First up, some people use an academic approach, called Van Westendorp’s price sensitivity meter. It has four questions:

  1. At what price would customers consider the product so expensive that they would not consider buying it? (Too expensive)
  2. At what price would customers consider the price of the product so low that they’d question its quality? (Too cheap)
  3. At what price would customers consider the product starting to get expensive – not out of the question, but they’d need to give some thought to buying it? (Expensive)
  4. At what price would customers consider the product a bargain – a great deal for the money? (Inexpensive)

The answers are plotted on a graph and analyzed. Here’s an example:

Marketing consultants advise the VW approach

Source: http://www.5circles.com/van-westendorp-pricing-the-price-sensitivity-meter/

This is a fabulous tool – IF you can get the data. This works well in consumer products, but not so well in Business-to-Business (B2B) because of the difficulty of getting data. So most marketing consultants who deal in B2B didn’t have a lot to say about good ol’ Van Westendorp.

2. Pragmatic Approach

Which leads to a pragmatic approach favoured by those of us in B2B:

  1. How much is the product worth to the customer? (What problem does it solve, how costly is that problem?)
  2. How much can the customer afford to pay? (This dictates target markets as much as it does pricing strategy.)
  3. What does it cost to produce and deliver the product or service? (If the answer to #3 is higher than #1 or #2, you have a problem.)

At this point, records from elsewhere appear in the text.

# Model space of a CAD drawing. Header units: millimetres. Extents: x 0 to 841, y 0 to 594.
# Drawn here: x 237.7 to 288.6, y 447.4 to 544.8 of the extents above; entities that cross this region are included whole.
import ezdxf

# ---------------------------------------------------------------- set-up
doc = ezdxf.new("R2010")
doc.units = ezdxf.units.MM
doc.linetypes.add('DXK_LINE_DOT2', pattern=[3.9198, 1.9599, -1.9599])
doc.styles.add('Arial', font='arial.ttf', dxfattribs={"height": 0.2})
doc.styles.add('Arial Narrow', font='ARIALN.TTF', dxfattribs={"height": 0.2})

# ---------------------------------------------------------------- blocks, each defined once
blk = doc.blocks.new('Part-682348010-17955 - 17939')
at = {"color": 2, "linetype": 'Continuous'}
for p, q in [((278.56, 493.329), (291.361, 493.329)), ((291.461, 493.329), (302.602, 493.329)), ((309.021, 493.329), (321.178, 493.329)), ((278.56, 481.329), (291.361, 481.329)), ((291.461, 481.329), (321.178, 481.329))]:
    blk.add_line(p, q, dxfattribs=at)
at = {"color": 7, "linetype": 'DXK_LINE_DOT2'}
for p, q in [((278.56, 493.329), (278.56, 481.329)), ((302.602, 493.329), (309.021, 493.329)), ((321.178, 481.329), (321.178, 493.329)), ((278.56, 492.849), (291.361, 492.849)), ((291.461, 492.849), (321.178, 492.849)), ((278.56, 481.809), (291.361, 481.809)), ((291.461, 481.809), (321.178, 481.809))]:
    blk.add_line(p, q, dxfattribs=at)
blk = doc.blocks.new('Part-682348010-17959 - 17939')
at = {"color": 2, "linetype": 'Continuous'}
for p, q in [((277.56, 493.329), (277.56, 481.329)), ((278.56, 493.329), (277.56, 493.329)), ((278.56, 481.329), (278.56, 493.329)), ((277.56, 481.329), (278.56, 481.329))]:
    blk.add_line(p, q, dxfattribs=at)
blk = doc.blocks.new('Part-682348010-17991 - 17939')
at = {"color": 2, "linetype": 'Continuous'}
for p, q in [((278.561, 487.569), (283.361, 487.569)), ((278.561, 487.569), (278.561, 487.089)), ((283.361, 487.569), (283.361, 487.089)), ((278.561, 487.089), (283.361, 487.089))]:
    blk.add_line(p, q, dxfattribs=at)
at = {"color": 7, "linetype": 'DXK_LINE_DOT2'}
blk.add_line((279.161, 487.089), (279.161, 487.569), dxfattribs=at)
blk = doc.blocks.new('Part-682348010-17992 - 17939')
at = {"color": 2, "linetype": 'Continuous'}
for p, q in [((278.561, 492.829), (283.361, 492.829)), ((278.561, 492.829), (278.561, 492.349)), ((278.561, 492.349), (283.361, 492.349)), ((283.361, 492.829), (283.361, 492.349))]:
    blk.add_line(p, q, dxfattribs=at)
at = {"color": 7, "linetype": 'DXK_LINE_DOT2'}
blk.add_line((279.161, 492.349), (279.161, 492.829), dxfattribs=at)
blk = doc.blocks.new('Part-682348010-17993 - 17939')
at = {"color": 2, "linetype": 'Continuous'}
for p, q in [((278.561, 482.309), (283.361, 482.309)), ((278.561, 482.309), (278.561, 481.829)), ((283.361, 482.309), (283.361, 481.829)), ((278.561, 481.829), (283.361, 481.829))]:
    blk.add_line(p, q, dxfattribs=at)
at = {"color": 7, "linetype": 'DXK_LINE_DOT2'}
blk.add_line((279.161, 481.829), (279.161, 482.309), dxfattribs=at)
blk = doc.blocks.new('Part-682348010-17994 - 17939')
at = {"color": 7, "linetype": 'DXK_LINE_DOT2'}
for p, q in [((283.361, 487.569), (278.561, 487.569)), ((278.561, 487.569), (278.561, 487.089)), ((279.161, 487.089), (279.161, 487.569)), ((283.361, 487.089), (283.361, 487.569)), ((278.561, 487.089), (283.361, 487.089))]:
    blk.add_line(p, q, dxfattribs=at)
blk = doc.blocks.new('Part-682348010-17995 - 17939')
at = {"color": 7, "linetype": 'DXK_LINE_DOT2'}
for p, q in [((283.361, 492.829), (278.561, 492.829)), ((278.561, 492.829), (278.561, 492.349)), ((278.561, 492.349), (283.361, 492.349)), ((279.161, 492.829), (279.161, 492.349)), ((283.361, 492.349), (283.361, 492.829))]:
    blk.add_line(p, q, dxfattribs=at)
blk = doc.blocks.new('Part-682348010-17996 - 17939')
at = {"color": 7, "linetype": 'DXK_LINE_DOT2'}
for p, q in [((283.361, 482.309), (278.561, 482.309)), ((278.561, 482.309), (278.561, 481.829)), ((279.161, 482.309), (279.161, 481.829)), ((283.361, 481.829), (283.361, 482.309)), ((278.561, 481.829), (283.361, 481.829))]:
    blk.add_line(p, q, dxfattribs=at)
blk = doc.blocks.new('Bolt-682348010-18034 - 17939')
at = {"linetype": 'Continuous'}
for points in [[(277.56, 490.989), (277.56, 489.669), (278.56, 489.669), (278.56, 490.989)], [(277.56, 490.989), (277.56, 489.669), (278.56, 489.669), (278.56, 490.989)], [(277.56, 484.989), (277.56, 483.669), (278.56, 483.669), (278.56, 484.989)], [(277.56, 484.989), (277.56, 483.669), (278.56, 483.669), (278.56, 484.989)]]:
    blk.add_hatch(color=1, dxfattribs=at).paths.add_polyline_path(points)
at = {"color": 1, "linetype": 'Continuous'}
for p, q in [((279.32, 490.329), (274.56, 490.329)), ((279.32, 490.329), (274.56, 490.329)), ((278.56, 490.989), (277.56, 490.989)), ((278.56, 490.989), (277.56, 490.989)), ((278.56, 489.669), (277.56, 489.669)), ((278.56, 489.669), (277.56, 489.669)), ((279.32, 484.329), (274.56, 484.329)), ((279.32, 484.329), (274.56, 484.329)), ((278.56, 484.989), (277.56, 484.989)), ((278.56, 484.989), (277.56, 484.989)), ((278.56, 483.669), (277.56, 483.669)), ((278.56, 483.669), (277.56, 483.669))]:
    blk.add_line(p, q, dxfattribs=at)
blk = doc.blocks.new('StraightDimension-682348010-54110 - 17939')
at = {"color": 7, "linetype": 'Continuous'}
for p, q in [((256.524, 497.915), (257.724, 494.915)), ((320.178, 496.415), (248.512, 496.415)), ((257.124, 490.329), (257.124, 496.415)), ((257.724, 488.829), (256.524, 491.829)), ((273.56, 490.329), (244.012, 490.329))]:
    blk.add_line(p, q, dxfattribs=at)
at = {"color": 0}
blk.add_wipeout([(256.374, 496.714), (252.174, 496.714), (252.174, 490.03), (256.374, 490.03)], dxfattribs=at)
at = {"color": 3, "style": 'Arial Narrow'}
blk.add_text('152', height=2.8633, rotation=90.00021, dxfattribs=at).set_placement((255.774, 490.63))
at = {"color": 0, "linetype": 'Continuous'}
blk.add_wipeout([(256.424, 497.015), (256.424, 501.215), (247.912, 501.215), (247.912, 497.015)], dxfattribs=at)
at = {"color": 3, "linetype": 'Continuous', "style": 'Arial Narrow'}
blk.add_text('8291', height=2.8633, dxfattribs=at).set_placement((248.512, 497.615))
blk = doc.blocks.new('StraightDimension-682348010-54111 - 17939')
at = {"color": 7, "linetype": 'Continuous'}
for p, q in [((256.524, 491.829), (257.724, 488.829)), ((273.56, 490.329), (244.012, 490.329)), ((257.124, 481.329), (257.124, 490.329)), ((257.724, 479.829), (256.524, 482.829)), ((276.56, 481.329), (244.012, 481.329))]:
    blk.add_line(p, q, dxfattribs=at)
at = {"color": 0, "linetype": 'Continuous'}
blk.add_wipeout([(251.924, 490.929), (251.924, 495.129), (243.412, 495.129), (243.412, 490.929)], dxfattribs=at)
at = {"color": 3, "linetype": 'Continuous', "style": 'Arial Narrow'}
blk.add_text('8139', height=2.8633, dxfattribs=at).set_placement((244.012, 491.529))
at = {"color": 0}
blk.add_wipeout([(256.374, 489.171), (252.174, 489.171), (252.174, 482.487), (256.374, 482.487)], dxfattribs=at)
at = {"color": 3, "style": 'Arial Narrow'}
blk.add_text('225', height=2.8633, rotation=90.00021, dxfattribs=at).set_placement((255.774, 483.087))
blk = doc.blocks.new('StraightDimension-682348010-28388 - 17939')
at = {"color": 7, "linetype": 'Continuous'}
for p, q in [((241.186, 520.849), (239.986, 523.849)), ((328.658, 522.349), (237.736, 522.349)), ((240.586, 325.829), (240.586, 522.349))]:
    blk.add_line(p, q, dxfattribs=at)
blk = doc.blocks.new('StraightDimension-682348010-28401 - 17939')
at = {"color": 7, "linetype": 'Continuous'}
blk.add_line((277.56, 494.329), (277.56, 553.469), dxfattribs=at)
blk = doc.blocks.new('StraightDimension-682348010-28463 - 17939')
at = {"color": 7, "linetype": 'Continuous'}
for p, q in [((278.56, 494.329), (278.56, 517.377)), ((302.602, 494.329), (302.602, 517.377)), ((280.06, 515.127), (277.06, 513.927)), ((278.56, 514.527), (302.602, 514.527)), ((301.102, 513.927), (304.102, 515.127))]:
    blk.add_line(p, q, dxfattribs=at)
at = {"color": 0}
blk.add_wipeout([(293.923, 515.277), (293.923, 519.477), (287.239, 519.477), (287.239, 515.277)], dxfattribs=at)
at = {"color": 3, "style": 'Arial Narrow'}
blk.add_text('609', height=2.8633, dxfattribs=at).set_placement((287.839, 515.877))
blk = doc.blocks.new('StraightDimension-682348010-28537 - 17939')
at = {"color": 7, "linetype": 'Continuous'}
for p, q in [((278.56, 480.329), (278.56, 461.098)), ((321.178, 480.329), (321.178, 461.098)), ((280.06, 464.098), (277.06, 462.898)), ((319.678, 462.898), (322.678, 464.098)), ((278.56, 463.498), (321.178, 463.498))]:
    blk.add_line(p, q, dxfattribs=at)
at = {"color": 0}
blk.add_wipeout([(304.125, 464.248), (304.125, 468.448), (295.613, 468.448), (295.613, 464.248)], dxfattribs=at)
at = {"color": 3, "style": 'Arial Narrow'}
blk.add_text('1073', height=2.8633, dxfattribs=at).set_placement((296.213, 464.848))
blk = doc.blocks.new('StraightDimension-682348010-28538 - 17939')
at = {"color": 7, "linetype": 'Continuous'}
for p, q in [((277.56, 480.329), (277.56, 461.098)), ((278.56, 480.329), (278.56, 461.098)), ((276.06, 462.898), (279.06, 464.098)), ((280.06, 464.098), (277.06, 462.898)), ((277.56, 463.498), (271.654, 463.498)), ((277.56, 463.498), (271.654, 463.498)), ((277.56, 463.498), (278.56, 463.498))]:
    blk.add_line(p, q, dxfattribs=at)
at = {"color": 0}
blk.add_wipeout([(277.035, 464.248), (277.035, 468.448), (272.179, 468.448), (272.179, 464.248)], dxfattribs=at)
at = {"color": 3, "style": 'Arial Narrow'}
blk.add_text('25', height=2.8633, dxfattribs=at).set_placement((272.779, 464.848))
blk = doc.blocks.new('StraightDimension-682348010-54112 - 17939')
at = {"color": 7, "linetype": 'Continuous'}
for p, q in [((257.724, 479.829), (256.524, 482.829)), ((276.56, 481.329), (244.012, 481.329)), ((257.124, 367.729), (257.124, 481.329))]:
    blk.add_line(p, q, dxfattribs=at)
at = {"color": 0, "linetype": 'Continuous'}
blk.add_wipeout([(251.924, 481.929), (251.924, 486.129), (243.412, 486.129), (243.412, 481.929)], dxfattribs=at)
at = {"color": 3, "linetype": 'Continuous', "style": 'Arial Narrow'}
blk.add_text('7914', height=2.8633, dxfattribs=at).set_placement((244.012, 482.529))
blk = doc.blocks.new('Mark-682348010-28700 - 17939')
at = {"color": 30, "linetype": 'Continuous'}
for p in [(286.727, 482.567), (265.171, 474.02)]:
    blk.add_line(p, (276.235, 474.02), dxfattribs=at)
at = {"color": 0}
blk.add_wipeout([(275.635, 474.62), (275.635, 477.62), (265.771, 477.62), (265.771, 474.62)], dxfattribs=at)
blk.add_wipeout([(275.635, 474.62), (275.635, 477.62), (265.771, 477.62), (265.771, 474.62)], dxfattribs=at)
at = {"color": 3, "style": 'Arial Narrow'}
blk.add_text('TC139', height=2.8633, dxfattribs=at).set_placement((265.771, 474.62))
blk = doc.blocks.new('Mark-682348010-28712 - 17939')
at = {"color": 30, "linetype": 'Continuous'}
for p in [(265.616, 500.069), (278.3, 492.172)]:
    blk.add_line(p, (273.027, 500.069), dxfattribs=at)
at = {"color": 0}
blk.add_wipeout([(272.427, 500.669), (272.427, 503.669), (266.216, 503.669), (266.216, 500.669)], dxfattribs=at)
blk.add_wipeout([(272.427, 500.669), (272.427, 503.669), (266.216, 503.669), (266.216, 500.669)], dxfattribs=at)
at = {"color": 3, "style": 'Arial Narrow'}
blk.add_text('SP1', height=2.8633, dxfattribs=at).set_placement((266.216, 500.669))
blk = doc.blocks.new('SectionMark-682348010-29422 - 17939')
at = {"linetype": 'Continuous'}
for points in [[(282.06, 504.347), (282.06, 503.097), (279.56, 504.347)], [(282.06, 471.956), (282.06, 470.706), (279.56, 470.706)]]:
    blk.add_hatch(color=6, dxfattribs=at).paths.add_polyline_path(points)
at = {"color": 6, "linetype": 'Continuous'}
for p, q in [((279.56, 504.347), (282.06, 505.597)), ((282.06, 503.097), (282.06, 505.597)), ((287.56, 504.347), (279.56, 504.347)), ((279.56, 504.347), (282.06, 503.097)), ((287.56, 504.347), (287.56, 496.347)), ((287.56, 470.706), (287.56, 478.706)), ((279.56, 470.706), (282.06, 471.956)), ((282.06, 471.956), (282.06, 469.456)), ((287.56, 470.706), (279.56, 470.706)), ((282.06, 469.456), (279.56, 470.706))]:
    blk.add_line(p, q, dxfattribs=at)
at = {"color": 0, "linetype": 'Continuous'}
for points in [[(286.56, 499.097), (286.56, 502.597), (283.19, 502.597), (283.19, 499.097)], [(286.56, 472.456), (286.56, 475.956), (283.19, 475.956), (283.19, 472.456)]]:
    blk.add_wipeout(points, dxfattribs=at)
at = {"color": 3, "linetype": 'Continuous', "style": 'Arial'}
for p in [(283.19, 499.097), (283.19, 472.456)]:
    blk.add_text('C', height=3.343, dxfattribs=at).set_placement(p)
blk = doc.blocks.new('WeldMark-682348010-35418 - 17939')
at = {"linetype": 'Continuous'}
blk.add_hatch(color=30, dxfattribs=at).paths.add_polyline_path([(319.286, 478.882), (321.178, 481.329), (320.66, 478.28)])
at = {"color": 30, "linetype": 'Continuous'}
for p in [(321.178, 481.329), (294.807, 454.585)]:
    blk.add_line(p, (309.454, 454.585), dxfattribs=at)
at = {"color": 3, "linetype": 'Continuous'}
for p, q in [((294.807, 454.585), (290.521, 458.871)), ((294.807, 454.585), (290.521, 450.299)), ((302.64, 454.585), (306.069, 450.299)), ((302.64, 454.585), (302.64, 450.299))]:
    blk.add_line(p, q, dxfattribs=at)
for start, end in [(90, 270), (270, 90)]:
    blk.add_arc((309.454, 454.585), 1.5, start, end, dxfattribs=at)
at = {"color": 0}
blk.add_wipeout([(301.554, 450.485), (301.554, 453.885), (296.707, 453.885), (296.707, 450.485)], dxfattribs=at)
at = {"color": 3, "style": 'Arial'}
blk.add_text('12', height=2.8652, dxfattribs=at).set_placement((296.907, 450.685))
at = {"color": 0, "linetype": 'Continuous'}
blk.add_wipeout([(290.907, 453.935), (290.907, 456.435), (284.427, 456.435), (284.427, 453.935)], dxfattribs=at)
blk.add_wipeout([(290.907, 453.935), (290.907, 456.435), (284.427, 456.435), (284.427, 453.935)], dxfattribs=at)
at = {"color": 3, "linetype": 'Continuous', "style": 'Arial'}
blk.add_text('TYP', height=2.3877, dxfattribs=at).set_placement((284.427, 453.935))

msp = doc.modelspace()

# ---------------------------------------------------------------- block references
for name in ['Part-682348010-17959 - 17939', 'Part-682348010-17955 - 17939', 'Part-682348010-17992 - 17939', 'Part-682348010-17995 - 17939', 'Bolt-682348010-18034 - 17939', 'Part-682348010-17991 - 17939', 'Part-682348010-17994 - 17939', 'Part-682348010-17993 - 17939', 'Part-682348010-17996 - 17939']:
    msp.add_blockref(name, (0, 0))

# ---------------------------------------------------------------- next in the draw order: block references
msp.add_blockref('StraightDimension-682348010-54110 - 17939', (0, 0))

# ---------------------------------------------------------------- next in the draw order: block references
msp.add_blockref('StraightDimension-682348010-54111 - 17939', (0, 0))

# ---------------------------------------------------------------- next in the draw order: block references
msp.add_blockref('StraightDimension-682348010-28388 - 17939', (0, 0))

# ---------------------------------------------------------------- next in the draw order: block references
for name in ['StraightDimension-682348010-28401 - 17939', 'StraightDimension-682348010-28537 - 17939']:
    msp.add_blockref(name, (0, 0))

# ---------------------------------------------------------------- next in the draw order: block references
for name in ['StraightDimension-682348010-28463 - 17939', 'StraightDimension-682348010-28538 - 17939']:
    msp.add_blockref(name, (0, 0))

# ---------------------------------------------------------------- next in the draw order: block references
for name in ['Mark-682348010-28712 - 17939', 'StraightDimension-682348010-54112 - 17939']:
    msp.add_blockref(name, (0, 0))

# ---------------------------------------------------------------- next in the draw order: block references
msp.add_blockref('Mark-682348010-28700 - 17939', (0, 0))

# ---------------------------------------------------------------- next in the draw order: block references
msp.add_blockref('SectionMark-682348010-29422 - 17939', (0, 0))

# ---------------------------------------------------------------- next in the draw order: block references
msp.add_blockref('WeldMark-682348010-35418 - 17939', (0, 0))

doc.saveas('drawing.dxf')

While this is a simple framework, it’s a practical starting point for pricing strategy. The fourth question that I suggest adding to this framework is about perception – what does the customer perceive as the value of what you’re offering?

3. Research Approach

One great way to add nuance to pricing strategy, and tackle the issue of perception, is conjoint analysis. Conjoint analysis allows companies to test various price and product scenarios and determine the best cost and price combination. Here’s a great primer on conjoint analysis if you’re interested in using it in your business.

An effective pricing strategy is one of the most powerful ways to grow revenues and profits, but – based on my conversations with other marketing consultants – there isn’t a black-and-white, sure fire approach. If you have a great story on how you’ve set pricing in your business, with great results, I’d love to hear it.